=== Problem to work on ===
Your answer should be only the lines below from the one with "#201=ORIENTED_EDGE('',*,*,#200,.F.);" to the one with "#252=DIRECTION('',(0.,0.,-1.));", repeated exactly, ends included.

=== Items listed in a dataset ===
------------------------
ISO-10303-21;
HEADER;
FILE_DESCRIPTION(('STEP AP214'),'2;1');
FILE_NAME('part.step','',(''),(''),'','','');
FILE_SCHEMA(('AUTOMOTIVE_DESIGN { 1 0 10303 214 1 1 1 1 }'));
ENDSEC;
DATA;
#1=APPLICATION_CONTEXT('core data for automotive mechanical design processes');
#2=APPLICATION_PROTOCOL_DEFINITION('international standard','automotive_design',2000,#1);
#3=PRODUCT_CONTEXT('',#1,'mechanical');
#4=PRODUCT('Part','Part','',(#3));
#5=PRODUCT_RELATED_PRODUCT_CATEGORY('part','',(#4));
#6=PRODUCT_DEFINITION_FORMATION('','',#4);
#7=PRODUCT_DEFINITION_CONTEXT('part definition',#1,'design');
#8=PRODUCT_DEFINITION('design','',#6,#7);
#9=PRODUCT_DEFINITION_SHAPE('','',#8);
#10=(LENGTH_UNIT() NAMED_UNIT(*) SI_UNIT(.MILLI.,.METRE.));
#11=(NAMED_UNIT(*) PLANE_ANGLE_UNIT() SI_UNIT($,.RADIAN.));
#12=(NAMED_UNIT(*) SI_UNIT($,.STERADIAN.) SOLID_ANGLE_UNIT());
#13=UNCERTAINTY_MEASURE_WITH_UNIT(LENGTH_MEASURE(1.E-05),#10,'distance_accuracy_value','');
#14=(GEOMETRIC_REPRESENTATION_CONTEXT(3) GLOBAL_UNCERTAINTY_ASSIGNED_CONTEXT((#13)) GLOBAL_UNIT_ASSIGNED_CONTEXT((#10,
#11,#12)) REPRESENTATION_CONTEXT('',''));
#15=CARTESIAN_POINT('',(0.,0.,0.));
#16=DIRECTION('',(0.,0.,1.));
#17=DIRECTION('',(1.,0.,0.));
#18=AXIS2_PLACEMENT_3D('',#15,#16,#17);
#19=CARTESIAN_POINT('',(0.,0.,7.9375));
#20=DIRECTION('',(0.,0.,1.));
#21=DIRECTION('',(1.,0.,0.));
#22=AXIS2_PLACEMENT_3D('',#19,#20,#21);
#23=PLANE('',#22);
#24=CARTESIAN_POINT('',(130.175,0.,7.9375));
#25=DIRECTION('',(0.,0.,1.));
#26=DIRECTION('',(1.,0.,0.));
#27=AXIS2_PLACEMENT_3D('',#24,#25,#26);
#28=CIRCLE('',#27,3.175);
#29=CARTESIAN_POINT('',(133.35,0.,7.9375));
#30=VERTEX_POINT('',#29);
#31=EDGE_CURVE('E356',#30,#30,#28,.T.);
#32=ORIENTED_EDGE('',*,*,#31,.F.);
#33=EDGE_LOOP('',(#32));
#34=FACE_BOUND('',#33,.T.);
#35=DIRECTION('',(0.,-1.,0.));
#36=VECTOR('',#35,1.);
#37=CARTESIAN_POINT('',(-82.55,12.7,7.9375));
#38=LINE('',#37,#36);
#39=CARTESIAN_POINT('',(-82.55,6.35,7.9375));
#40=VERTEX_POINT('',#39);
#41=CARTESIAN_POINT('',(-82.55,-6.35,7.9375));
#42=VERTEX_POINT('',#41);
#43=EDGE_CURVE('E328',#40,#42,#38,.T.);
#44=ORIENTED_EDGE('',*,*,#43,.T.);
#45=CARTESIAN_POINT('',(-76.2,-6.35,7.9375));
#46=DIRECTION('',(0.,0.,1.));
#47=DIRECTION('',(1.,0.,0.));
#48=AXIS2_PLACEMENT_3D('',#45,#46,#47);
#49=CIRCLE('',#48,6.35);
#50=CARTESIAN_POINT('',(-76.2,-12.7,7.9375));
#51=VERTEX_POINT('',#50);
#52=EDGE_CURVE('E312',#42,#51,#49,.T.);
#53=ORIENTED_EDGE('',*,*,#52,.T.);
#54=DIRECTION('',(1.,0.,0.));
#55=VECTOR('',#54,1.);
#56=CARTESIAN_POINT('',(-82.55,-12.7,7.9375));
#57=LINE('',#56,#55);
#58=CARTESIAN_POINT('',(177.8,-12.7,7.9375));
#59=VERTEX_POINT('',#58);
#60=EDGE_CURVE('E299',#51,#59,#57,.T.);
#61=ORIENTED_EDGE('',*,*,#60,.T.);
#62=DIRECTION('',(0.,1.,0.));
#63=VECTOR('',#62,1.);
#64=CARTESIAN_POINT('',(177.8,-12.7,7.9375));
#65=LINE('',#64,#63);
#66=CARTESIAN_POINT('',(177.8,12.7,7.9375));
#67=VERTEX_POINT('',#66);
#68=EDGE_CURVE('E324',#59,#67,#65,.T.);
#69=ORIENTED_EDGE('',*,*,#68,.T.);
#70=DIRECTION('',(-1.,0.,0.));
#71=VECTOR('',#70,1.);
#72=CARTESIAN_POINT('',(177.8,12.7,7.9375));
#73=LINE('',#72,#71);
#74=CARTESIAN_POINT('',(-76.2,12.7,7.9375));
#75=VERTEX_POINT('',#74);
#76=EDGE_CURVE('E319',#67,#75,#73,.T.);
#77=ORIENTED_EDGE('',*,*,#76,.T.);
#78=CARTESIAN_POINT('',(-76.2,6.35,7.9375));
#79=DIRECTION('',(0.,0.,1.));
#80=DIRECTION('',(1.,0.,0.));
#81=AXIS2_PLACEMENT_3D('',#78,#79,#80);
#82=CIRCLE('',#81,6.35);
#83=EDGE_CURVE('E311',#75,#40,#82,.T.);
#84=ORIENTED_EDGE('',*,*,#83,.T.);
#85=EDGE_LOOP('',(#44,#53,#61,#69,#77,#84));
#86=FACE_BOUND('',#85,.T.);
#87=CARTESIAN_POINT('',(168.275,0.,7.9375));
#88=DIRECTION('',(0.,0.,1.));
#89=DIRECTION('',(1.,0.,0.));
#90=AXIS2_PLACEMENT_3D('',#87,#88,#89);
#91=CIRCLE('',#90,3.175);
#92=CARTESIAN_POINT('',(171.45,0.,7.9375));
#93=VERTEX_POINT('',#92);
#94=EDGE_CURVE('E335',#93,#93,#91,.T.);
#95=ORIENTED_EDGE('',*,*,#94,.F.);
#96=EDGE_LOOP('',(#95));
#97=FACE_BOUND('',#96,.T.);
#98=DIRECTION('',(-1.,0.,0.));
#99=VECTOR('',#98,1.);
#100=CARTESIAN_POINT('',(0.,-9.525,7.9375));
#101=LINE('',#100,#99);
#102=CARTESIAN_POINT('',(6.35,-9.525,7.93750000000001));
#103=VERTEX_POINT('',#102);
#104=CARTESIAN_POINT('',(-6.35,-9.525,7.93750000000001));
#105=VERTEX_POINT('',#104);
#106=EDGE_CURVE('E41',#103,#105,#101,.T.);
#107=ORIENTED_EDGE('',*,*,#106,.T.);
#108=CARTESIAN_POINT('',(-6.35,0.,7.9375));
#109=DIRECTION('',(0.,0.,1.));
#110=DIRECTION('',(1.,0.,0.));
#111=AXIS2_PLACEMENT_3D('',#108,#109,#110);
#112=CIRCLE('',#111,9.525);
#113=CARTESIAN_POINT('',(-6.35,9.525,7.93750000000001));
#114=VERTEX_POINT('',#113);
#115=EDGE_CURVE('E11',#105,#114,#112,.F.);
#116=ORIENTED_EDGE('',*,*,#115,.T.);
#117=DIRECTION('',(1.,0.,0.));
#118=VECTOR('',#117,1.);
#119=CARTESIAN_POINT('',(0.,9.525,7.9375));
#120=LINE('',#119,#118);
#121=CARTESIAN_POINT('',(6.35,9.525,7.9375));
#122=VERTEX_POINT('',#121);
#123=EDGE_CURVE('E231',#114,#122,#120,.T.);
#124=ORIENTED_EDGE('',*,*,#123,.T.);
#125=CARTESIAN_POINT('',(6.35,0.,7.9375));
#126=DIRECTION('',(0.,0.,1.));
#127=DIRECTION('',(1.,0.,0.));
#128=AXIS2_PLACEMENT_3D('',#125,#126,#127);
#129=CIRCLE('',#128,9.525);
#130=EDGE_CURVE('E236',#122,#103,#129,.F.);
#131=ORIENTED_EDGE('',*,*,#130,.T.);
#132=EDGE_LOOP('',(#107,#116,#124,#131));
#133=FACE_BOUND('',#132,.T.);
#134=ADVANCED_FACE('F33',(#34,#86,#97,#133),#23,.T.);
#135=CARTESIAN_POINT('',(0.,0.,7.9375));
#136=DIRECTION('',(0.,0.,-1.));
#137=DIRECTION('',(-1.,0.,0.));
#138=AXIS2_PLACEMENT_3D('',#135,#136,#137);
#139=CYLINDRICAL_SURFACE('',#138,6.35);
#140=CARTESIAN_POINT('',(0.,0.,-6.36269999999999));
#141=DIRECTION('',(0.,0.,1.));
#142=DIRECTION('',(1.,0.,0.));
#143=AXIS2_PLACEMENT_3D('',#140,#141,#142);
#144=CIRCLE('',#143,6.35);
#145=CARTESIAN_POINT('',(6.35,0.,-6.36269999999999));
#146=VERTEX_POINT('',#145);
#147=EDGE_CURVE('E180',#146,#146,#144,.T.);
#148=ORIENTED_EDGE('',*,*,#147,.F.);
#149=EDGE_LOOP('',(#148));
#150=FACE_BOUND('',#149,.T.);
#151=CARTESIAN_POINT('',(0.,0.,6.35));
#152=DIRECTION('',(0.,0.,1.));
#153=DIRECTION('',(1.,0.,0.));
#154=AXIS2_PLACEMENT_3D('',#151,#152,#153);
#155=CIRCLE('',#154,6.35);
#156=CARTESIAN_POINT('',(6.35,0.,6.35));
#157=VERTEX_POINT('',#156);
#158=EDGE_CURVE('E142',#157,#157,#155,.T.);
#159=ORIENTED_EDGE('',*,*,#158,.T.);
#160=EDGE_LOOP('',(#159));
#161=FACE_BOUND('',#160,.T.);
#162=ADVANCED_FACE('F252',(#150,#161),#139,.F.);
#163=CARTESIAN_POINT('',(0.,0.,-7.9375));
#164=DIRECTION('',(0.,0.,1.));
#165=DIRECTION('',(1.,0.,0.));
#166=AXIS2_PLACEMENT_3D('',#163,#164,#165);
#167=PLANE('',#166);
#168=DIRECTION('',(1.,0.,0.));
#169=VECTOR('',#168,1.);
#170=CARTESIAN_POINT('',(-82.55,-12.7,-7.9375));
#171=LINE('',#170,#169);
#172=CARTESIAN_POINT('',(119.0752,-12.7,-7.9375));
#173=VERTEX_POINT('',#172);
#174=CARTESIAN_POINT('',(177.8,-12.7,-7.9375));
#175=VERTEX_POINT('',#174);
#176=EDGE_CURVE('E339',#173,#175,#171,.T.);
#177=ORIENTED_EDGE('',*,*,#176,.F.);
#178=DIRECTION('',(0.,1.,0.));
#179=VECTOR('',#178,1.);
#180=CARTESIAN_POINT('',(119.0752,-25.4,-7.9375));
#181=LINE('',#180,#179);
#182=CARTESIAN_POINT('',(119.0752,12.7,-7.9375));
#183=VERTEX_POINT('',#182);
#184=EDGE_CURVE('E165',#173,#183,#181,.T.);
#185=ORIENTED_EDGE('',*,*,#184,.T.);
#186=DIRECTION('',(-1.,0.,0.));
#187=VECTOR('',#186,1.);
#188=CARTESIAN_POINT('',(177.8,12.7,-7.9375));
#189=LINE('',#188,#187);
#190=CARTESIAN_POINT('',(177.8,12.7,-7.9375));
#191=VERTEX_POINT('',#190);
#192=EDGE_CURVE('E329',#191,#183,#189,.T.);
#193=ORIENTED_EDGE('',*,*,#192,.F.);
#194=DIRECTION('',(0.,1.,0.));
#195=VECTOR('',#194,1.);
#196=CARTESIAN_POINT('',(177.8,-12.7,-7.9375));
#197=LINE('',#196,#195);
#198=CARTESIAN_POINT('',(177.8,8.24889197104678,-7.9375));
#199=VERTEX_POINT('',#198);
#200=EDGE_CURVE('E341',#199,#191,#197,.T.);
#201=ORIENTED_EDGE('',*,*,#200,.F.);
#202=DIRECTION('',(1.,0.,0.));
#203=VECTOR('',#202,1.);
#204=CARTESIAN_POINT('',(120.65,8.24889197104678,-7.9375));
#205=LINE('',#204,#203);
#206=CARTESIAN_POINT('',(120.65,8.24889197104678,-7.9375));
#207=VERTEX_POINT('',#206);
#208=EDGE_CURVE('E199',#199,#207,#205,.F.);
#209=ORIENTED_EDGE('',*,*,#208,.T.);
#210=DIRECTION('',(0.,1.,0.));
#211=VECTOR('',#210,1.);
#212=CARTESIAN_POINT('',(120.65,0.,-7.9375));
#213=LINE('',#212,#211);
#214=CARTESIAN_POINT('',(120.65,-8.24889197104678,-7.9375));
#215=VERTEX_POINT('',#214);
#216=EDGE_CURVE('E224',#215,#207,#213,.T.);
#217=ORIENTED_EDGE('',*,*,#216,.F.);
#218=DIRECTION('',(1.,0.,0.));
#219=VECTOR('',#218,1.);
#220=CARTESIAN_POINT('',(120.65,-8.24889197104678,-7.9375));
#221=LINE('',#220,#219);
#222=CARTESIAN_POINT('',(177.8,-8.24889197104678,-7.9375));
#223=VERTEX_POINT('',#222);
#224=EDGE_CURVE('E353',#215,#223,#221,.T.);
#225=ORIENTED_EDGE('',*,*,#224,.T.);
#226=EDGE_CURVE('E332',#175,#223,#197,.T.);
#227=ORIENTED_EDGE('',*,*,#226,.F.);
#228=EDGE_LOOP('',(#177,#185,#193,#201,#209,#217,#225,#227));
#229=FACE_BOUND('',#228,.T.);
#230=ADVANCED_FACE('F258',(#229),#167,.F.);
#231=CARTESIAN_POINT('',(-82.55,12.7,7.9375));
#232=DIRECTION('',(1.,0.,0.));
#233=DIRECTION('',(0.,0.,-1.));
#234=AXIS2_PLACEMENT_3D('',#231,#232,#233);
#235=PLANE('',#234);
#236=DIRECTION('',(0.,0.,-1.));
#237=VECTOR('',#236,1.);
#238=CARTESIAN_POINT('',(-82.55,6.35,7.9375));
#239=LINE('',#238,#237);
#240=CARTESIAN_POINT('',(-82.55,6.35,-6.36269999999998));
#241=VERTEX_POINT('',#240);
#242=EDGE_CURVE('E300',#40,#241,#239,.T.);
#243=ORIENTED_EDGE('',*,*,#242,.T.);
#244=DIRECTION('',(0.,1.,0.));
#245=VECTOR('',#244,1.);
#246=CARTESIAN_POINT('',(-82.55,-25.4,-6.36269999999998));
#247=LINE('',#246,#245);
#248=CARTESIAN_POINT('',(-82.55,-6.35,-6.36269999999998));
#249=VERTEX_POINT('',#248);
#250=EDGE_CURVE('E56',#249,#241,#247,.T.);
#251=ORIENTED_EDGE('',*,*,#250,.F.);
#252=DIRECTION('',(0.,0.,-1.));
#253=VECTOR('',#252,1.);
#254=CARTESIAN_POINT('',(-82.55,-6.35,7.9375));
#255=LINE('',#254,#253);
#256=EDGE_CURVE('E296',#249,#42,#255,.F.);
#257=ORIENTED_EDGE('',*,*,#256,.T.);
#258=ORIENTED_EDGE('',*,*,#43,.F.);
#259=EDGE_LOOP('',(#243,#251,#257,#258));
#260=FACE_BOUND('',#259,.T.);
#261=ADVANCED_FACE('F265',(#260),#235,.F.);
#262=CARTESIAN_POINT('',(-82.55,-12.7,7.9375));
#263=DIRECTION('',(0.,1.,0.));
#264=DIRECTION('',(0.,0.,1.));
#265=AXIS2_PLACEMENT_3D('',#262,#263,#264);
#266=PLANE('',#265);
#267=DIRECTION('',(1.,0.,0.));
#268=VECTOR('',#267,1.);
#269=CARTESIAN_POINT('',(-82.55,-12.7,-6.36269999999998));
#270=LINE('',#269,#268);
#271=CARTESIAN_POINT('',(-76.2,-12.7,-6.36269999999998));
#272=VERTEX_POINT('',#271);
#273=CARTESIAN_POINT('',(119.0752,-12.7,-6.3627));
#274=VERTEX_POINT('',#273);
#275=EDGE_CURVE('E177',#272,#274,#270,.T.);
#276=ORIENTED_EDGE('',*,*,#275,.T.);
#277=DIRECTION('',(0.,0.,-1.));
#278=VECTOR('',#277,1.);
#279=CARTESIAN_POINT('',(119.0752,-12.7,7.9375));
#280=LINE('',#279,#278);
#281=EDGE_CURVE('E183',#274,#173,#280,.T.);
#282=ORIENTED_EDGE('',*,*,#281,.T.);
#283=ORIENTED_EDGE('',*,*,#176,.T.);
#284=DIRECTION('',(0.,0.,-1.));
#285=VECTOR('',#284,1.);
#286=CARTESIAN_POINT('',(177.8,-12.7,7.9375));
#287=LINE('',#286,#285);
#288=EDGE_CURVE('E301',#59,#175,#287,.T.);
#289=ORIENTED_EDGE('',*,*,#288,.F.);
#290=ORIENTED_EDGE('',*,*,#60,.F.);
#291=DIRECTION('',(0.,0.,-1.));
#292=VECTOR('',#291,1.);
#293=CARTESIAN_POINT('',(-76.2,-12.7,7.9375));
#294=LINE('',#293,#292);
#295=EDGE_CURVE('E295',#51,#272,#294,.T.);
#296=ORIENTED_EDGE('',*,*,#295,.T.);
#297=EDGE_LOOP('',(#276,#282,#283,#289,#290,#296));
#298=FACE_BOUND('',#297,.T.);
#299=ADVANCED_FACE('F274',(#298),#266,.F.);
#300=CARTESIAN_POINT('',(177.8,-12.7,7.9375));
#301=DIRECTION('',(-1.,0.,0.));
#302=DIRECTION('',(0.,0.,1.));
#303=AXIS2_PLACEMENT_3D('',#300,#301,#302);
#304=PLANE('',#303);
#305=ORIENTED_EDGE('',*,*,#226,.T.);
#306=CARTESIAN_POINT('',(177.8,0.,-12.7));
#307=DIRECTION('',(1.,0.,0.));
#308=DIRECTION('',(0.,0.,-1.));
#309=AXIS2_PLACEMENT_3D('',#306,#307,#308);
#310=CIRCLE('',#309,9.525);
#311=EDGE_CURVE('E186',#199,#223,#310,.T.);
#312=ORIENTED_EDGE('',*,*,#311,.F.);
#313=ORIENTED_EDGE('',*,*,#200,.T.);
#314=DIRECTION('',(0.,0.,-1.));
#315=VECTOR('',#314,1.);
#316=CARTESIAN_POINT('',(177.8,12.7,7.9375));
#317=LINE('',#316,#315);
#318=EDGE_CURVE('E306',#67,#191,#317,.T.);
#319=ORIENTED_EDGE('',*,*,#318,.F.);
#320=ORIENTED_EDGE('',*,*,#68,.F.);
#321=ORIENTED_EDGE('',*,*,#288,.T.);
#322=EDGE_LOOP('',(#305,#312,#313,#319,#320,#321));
------------------------
=== Answer ===
#201=ORIENTED_EDGE('',*,*,#200,.F.);
#202=DIRECTION('',(1.,0.,0.));
#203=VECTOR('',#202,1.);
#204=CARTESIAN_POINT('',(120.65,8.24889197104678,-7.9375));
#205=LINE('',#204,#203);
#206=CARTESIAN_POINT('',(120.65,8.24889197104678,-7.9375));
#207=VERTEX_POINT('',#206);
#208=EDGE_CURVE('E199',#199,#207,#205,.F.);
#209=ORIENTED_EDGE('',*,*,#208,.T.);
#210=DIRECTION('',(0.,1.,0.));
#211=VECTOR('',#210,1.);
#212=CARTESIAN_POINT('',(120.65,0.,-7.9375));
#213=LINE('',#212,#211);
#214=CARTESIAN_POINT('',(120.65,-8.24889197104678,-7.9375));
#215=VERTEX_POINT('',#214);
#216=EDGE_CURVE('E224',#215,#207,#213,.T.);
#217=ORIENTED_EDGE('',*,*,#216,.F.);
#218=DIRECTION('',(1.,0.,0.));
#219=VECTOR('',#218,1.);
#220=CARTESIAN_POINT('',(120.65,-8.24889197104678,-7.9375));
#221=LINE('',#220,#219);
#222=CARTESIAN_POINT('',(177.8,-8.24889197104678,-7.9375));
#223=VERTEX_POINT('',#222);
#224=EDGE_CURVE('E353',#215,#223,#221,.T.);
#225=ORIENTED_EDGE('',*,*,#224,.T.);
#226=EDGE_CURVE('E332',#175,#223,#197,.T.);
#227=ORIENTED_EDGE('',*,*,#226,.F.);
#228=EDGE_LOOP('',(#177,#185,#193,#201,#209,#217,#225,#227));
#229=FACE_BOUND('',#228,.T.);
#230=ADVANCED_FACE('F258',(#229),#167,.F.);
#231=CARTESIAN_POINT('',(-82.55,12.7,7.9375));
#232=DIRECTION('',(1.,0.,0.));
#233=DIRECTION('',(0.,0.,-1.));
#234=AXIS2_PLACEMENT_3D('',#231,#232,#233);
#235=PLANE('',#234);
#236=DIRECTION('',(0.,0.,-1.));
#237=VECTOR('',#236,1.);
#238=CARTESIAN_POINT('',(-82.55,6.35,7.9375));
#239=LINE('',#238,#237);
#240=CARTESIAN_POINT('',(-82.55,6.35,-6.36269999999998));
#241=VERTEX_POINT('',#240);
#242=EDGE_CURVE('E300',#40,#241,#239,.T.);
#243=ORIENTED_EDGE('',*,*,#242,.T.);
#244=DIRECTION('',(0.,1.,0.));
#245=VECTOR('',#244,1.);
#246=CARTESIAN_POINT('',(-82.55,-25.4,-6.36269999999998));
#247=LINE('',#246,#245);
#248=CARTESIAN_POINT('',(-82.55,-6.35,-6.36269999999998));
#249=VERTEX_POINT('',#248);
#250=EDGE_CURVE('E56',#249,#241,#247,.T.);
#251=ORIENTED_EDGE('',*,*,#250,.F.);
#252=DIRECTION('',(0.,0.,-1.));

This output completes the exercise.